40/01 Verwaltungsverfahren;

Norm

AVG §66 Abs2;
AVG §66 Abs4;

Betreff

Der Verwaltungsgerichtshof hat durch den Vorsitzenden Senatspräsident Dr. Fürnsinn und die Hofräte Dr. Blaschek und Dr. Rosenmayr als Richter, im Beisein der Schriftführerin Mag. Enzlberger, über die Beschwerde der M A KEG in W, vertreten durch Dr. Gabriel Liedermann, Rechtsanwalt in Wien X, Gudrunstrasse 143, gegen den Bescheid der Landesgeschäftsstelle des Arbeitsmarktservice Wien vom 24. November 1998, Zl. 10/13113/1814762/1998, betreffend Beschäftigungsbewilligung nach dem Ausländerbeschäftigungsgesetz, zu Recht erkannt:

Spruch

Der angefochtene Bescheid wird wegen Rechtswidrigkeit seines Inhaltes aufgehoben.

Das Arbeitsmarktservice hat der beschwerdeführenden Partei Aufwendungen in der Höhe von S 15.000,-- binnen zwei Wochen bei sonstiger Exekution zu ersetzen.

Begründung

Die Beschwerdeführerin beantragte am 20. Juli 1998 beim Arbeitsmarktservice Persönliche Dienst - Gastgewerbe Wien die Erteilung einer Beschäftigungsbewilligung nach dem Ausländerbeschäftigungsgesetz (AuslBG) für den türkischen Staatsangehörigen B G für die berufliche Tätigkeit als Koch (spezielle Kenntnisse oder Ausbildung "levantinische Küche").

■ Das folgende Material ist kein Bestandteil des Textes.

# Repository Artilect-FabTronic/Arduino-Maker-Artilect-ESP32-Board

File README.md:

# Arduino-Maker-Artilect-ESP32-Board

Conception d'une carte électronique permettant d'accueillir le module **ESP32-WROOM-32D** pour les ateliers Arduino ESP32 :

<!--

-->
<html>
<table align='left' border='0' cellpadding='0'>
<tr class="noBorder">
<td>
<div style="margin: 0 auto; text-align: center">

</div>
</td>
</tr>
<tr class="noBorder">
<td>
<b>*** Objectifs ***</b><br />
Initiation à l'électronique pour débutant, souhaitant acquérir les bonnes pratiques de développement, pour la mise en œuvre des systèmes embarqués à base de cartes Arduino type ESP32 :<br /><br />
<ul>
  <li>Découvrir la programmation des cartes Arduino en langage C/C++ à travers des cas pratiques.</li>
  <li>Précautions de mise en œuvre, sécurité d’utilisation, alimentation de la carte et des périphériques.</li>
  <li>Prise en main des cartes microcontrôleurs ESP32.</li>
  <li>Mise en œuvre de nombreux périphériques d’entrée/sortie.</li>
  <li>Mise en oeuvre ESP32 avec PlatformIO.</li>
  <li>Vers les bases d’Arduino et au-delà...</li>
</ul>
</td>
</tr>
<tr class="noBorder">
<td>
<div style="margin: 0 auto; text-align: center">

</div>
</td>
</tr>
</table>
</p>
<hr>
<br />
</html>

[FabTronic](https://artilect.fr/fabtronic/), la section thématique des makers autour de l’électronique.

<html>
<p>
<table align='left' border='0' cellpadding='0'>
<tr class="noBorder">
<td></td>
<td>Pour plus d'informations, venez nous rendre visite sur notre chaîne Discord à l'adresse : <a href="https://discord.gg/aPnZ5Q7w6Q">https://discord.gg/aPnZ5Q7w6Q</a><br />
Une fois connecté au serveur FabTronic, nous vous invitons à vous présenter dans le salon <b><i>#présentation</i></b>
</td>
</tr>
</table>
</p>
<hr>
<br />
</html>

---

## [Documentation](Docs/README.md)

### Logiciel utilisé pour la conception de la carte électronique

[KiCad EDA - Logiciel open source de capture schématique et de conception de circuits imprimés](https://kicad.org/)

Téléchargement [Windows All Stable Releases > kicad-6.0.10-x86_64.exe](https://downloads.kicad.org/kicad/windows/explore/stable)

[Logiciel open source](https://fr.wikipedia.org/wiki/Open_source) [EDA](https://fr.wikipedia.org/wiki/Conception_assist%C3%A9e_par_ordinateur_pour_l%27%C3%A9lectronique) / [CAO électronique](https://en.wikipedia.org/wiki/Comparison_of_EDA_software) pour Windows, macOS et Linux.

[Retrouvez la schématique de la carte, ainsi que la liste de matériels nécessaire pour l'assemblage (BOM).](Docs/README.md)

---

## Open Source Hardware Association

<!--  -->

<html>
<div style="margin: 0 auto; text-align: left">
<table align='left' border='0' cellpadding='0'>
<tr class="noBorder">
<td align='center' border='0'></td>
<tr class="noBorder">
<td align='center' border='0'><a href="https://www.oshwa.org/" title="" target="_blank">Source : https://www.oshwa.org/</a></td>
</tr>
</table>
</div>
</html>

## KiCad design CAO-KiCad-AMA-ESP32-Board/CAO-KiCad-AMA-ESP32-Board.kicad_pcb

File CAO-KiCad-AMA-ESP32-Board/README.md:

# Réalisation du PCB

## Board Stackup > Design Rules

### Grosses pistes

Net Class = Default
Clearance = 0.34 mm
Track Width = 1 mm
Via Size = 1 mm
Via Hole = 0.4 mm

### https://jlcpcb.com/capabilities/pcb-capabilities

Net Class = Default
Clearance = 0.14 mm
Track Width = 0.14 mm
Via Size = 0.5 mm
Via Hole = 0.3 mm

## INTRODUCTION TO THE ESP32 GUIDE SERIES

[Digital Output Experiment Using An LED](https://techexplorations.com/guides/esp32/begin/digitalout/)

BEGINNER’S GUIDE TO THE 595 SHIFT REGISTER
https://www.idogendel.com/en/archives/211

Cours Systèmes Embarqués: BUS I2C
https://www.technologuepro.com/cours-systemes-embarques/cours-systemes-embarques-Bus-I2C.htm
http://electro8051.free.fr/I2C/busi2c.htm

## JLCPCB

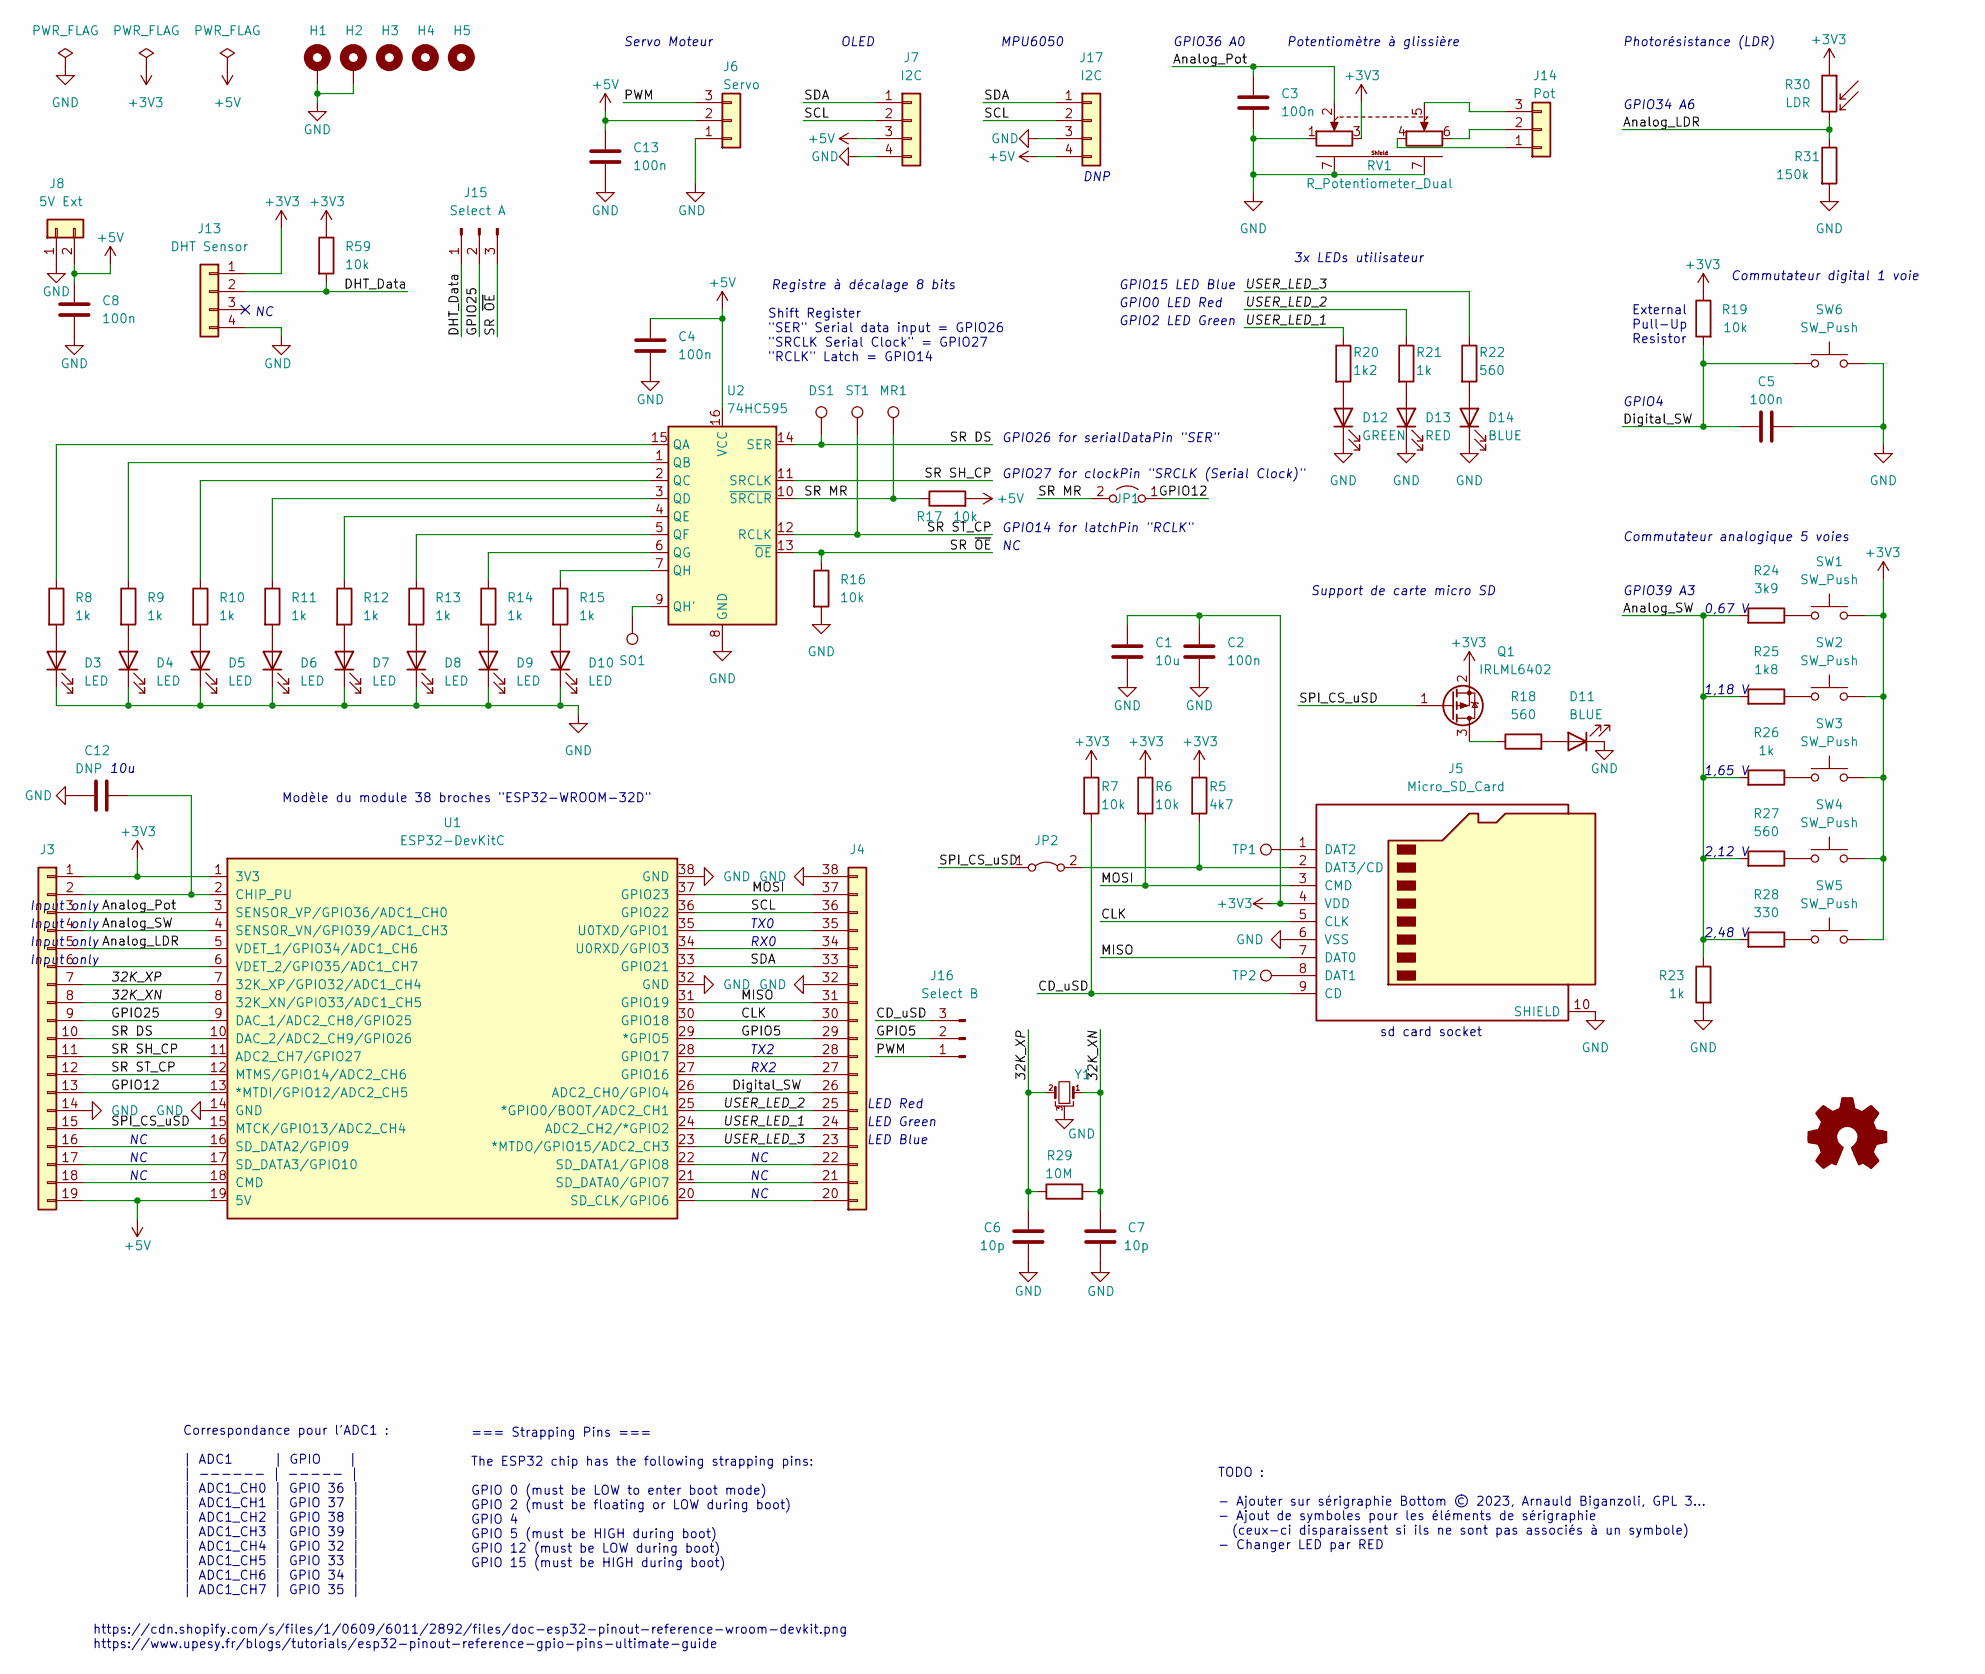
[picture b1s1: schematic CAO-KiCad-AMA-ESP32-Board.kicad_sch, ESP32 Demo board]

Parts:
C1: 10u; C_0805_2012Metric_Pad1.18x1.45mm_HandSolder
C2, C3, C4, C5, C8, C13: 100n; C_0805_2012Metric_Pad1.18x1.45mm_HandSolder
C6, C7: 10p; C_0805_2012Metric_Pad1.18x1.45mm_HandSolder
C12: DNP; C_0805_2012Metric_Pad1.18x1.45mm_HandSolder
D3, D4, D5, D6, D7, D8, D9, D10: LED; LED_0603_1608Metric_Pad1.05x0.95mm_HandSolder
D11: BLUE; LED_0603_1608Metric_Pad1.05x0.95mm_HandSolder
D12: GREEN; LED_0805_2012Metric_Pad1.15x1.40mm_HandSolder
D13: RED; LED_0805_2012Metric_Pad1.15x1.40mm_HandSolder
D14: BLUE; LED_0805_2012Metric_Pad1.15x1.40mm_HandSolder
DS1: TestPoint; TestPoint_Pad_D2.0mm
H1, H2: MountingHole_Pad; MountingHole_3.2mm_M3_ISO7380_Pad_TopBottom
H3, H4, H5: MountingHole; MountingHole_3.2mm_M3_ISO7380
J3, J4: Conn_01x19; PinSocket_1x19_P2.54mm_Vertical
J5: Micro_SD_Card; microSD_Yozaka_Interconnects_R2165
J6: Servo; PinHeader_1x03_P2.54mm_Vertical
J7, J17: I2C; PinSocket_1x04_P2.54mm_Vertical
J8: 5V Ext; PinHeader_1x02_P2.54mm_Horizontal
J13: DHT Sensor; PinSocket_1x04_P2.54mm_Vertical
J14: Pot; PinHeader_1x03_P2.54mm_Vertical
J15: Select A; PinHeader_1x03_P2.54mm_Vertical
J16: Select B; SolderJumper-3_P1.3mm_Bridged12_RoundedPad1.0x1.5mm_NumberL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
JP1: Jumper_2_Open; SolderJumper-2_P1.3mm_Open_RoundedPad1.0x1.5mm
JP2: Jumper_2_Bridged; SolderJumper-2_P1.3mm_Bridged_RoundedPad1.0x1.5mm
LOGO1: Logo_Open_Hardware_Small; KiCad-Logo2_5mm_SilkScreen
MR1: TestPoint; TestPoint_Pad_D2.0mm
Q1: IRLML6402; SOT-23
R5: 4k7; R_0805_2012Metric_Pad1.20x1.40mm_HandSolder
R6, R7, R16, R17, R19, R59: 10k; R_0805_2012Metric_Pad1.20x1.40mm_HandSolder
R8, R9, R10, R11, R12, R13, R14, R15, R21, R23, R26: 1k; R_0805_2012Metric_Pad1.20x1.40mm_HandSolder
R18, R22, R27: 560; R_0805_2012Metric_Pad1.20x1.40mm_HandSolder
R20: 1k2; R_0805_2012Metric_Pad1.20x1.40mm_HandSolder
R24: 3k9; R_0805_2012Metric_Pad1.20x1.40mm_HandSolder
R25: 1k8; R_0805_2012Metric_Pad1.20x1.40mm_HandSolder
R28: 330; R_0805_2012Metric_Pad1.20x1.40mm_HandSolder
R29: 10M; R_0805_2012Metric_Pad1.20x1.40mm_HandSolder
R30: LDR; R_LDR_5.1x4.3mm_P3.4mm_Vertical
R31: 150k; R_0805_2012Metric_Pad1.20x1.40mm_HandSolder
RV1: R_Potentiometer_Dual; Potentiometer_B103_Double_Slide
SO1: TestPoint; TestPoint_Pad_D2.0mm
ST1: TestPoint; TestPoint_Pad_D2.0mm
SW1, SW2, SW3, SW4, SW5, SW6: SW_Push; SW_PUSH-12mm
TP1, TP2: TestPoint; TestPoint_Pad_D2.0mm
U1: ESP32-DevKitC
U2: 74HC595; SOIC-16_3.9x9.9mm_P1.27mm
Y1: Crystal_GND3_Small; Crystal_AT310_D3.0mm_L10.0mm_Horizontal_1EP_style2

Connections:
+3V3: C1.1, C2.1, J3.1, J5.4 (VDD), J13.1, Q1.2 (S), R5.1, R6.1, R7.1, R19.1, R30.1, R59.1, RV1.3, SW1.2, SW2.2, SW3.2, SW4.2, SW5.2, U1.1 (3V3)
+5V: C4.1, C8.1, C13.1, J3.19, J6.2, J7.3, J8.2, J17.4, R17.2, U1.19 (5V), U2.16 (VCC)
/32K_XN: C7.2, J3.8, R29.2, U1.8 (32K_XN/GPIO33/ADC1_CH5), Y1.1
/32K_XP: C6.2, J3.7, R29.1, U1.7 (32K_XP/GPIO32/ADC1_CH4), Y1.2
/Analog_LDR: J3.5, R30.2, R31.1, U1.5 (VDET_1/GPIO34/ADC1_CH6)
/Analog_Pot: C3.1, J3.3, RV1.2, U1.3 (SENSOR_VP/GPIO36/ADC1_CH0)
/Analog_SW: J3.4, R23.1, R24.2, R25.2, R26.2, R27.2, R28.2, U1.4 (SENSOR_VN/GPIO39/ADC1_CH3)
/CD_uSD: J5.9 (CD), J16.3, R7.2
/CLK: J4.30, J5.5 (CLK), U1.30 (GPIO18)
/DHT_Data: J13.2, J15.1, R59.2
/Digital_SW: C5.2, J4.26, R19.2, SW6.1, U1.26 (ADC2_CH0/GPIO4)
/GPIO5: J4.29, J16.2, U1.29 (*GPIO5)
/GPIO12: J3.13, JP1.1 (A), U1.13 (*MTDI/GPIO12/ADC2_CH5)
/GPIO25: J3.9, J15.2, U1.9 (DAC_1/ADC2_CH8/GPIO25)
/MISO: J4.31, J5.7 (DAT0), U1.31 (GPIO19)
/MOSI: J4.37, J5.3 (CMD), R6.2, U1.37 (GPIO23)
/PWM: J6.3, J16.1
/SCL: J4.36, J7.2, J17.2, U1.36 (GPIO22)
/SDA: J4.33, J7.1, J17.1, U1.33 (GPIO21)
/SPI_CS_uSD: J3.15, JP2.1 (A), Q1.1 (G), U1.15 (MTCK/GPIO13/ADC2_CH4)
/SR DS: DS1.1, J3.10, U1.10 (DAC_2/ADC2_CH9/GPIO26), U2.14 (SER)
/SR MR: JP1.2 (B), MR1.1, R17.1, U2.10 (~SRCLR)
/SR SH_CP: J3.11, U1.11 (ADC2_CH7/GPIO27), U2.11 (SRCLK)
/SR ST_CP: J3.12, ST1.1, U1.12 (MTMS/GPIO14/ADC2_CH6), U2.12 (RCLK)
/SR ~OE: J15.3, R16.1, U2.13 (~OE)
/USER_LED_1: J4.24, R20.1, U1.24 (ADC2_CH2/*GPIO2)
/USER_LED_2: J4.25, R21.1, U1.25 (*GPIO0/BOOT/ADC2_CH1)
/USER_LED_3: J4.23, R22.1, U1.23 (*MTDO/GPIO15/ADC2_CH3)
GND: C1.2, C2.2, C3.2, C4.2, C5.1, C6.1, C7.1, C8.2, C12.2, C13.2, D3.1 (K), D4.1 (K), D5.1 (K), D6.1 (K), D7.1 (K), D8.1 (K), D9.1 (K), D10.1 (K), D11.1 (K), D12.1 (K), D13.1 (K), D14.1 (K), H1.1, H2.1, J3.14, J4.32, J4.38, J5.6 (VSS), J5.10 (SHIELD), J6.1, J7.4, J8.1, J13.4, J17.3, R16.2, R23.2, R31.2, RV1.1, RV1.7 (Shield), SW6.2, U1.14 (GND), U1.32 (GND), U1.38 (GND), U2.8 (GND), Y1.3
unnamed: C12.1, J3.2, U1.2 (CHIP_PU)
unnamed: D3.2 (A), R8.2
unnamed: D4.2 (A), R9.2
unnamed: D5.2 (A), R10.2
unnamed: D6.2 (A), R11.2
unnamed: D7.2 (A), R12.2
unnamed: D8.2 (A), R13.2
unnamed: D9.2 (A), R14.2
unnamed: D10.2 (A), R15.2
unnamed: D11.2 (A), R18.2
unnamed: D12.2 (A), R20.2
unnamed: D13.2 (A), R21.2
unnamed: D14.2 (A), R22.2
unnamed: J3.6, U1.6 (VDET_2/GPIO35/ADC1_CH7)
unnamed: J3.16, U1.16 (SD_DATA2/GPIO9)
unnamed: J3.17, U1.17 (SD_DATA3/GPIO10)
unnamed: J3.18, U1.18 (CMD)
unnamed: J4.20, U1.20 (SD_CLK/GPIO6)
unnamed: J4.21, U1.21 (SD_DATA0/GPIO7)
unnamed: J4.22, U1.22 (SD_DATA1/GPIO8)
unnamed: J4.27, U1.27 (GPIO16)
unnamed: J4.28, U1.28 (GPIO17)
unnamed: J4.34, U1.34 (U0RXD/GPIO3)
unnamed: J4.35, U1.35 (U0TXD/GPIO1)
unnamed: J5.1 (DAT2), TP1.1
unnamed: J5.2 (DAT3/CD), JP2.2 (B), R5.2
unnamed: J5.8 (DAT1), TP2.1
unnamed: J14.1, RV1.4
unnamed: J14.2, RV1.6
unnamed: J14.3, RV1.5
unnamed: Q1.3 (D), R18.1
unnamed: R8.1, U2.15 (QA)
unnamed: R9.1, U2.1 (QB)
unnamed: R10.1, U2.2 (QC)
unnamed: R11.1, U2.3 (QD)
unnamed: R12.1, U2.4 (QE)
unnamed: R13.1, U2.5 (QF)
unnamed: R14.1, U2.6 (QG)
unnamed: R15.1, U2.7 (QH)
unnamed: R24.1, SW1.1
unnamed: R25.1, SW2.1
unnamed: R26.1, SW3.1
unnamed: R27.1, SW4.1
unnamed: R28.1, SW5.1
unnamed: SO1.1, U2.9 (QH')

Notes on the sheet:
Shift Register "SER" Serial data input = GPIO26 "SRCLK Serial Clock" = GPIO27 "RCLK" Latch = GPIO14
Input only
Support de carte micro SD
OLED
GPIO0 LED Red
0,67 V
GPIO39 A3
RX0
LED Green
=== Strapping Pins === The ESP32 chip has the following strapping pins: GPIO 0 (must be LOW to enter boot mode) GPIO 2 (must be floating or LOW during boot) GPIO 4 GPIO 5 (must be HIGH during boot) GPIO 12 (must be LOW during boot) GPIO 15 (must be HIGH during boot)
TX0
https://cdn.shopify.com/s/files/1/0609/6011/2892/files/doc-esp32-pinout-reference-wroom-devkit.png https://www.upesy.fr/blogs/tutorials/esp32-pinout-reference-gpio-pins-ultimate-guide
Servo Moteur
External Pull-Up Resistor
Modèle du module 38 broches "ESP32-WROOM-32D"
3x LEDs utilisateur
Correspondance pour l'ADC1 : | ADC1 | GPIO | | ------ | ----- | | ADC1_CH0 | GPIO 36 | | ADC1_CH1 | GPIO 37 | | ADC1_CH2 | GPIO 38 | | ADC1_CH3 | GPIO 39 | | ADC1_CH4 | GPIO 32 | | ADC1_CH5 | GPIO 33 | | ADC1_CH6 | GPIO 34 | | ADC1_CH7 | GPIO 35 |
1,18 V
LED Blue
TX2
GPIO14 for latchPin "RCLK"
LED Red
RX2
10u
2,48 V
GPIO4
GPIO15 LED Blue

Diesen Antrag wies das Arbeitsmarktservice Persönliche Dienste - Gastgewerbe Wien mit Bescheid vom 28. August 1998 gemäß § 4 Abs. 7 und § 4 Abs. 3 Z. 7 AuslBG ab.

Gegen diesen Bescheid erhob die Beschwerdeführerin Berufung und beantragte darin, den erstinstanzlichen Bescheid zu beheben und die Beschäftigungsbewilligung für die beantragte ausländische Arbeitskraft zu erteilen.

Mit dem im Instanzenzug ergangenen, vor dem Verwaltungsgerichtshof angefochtenen Bescheid der belangten Behörde vom 24. November 1998 wurde "der erstinstanzliche Bescheid gemäß § 66 Abs. 4 allgemeines Verwaltungsverfahrensgesetz (AVG), BGBl. Nr. 51/1991, aufgehoben und zur neuerlichen Durchführung des Verfahrens und zur neuerlichen Entscheidung an die zuständige regionale Geschäftsstelle des Arbeitsmarktservice zurückverwiesen".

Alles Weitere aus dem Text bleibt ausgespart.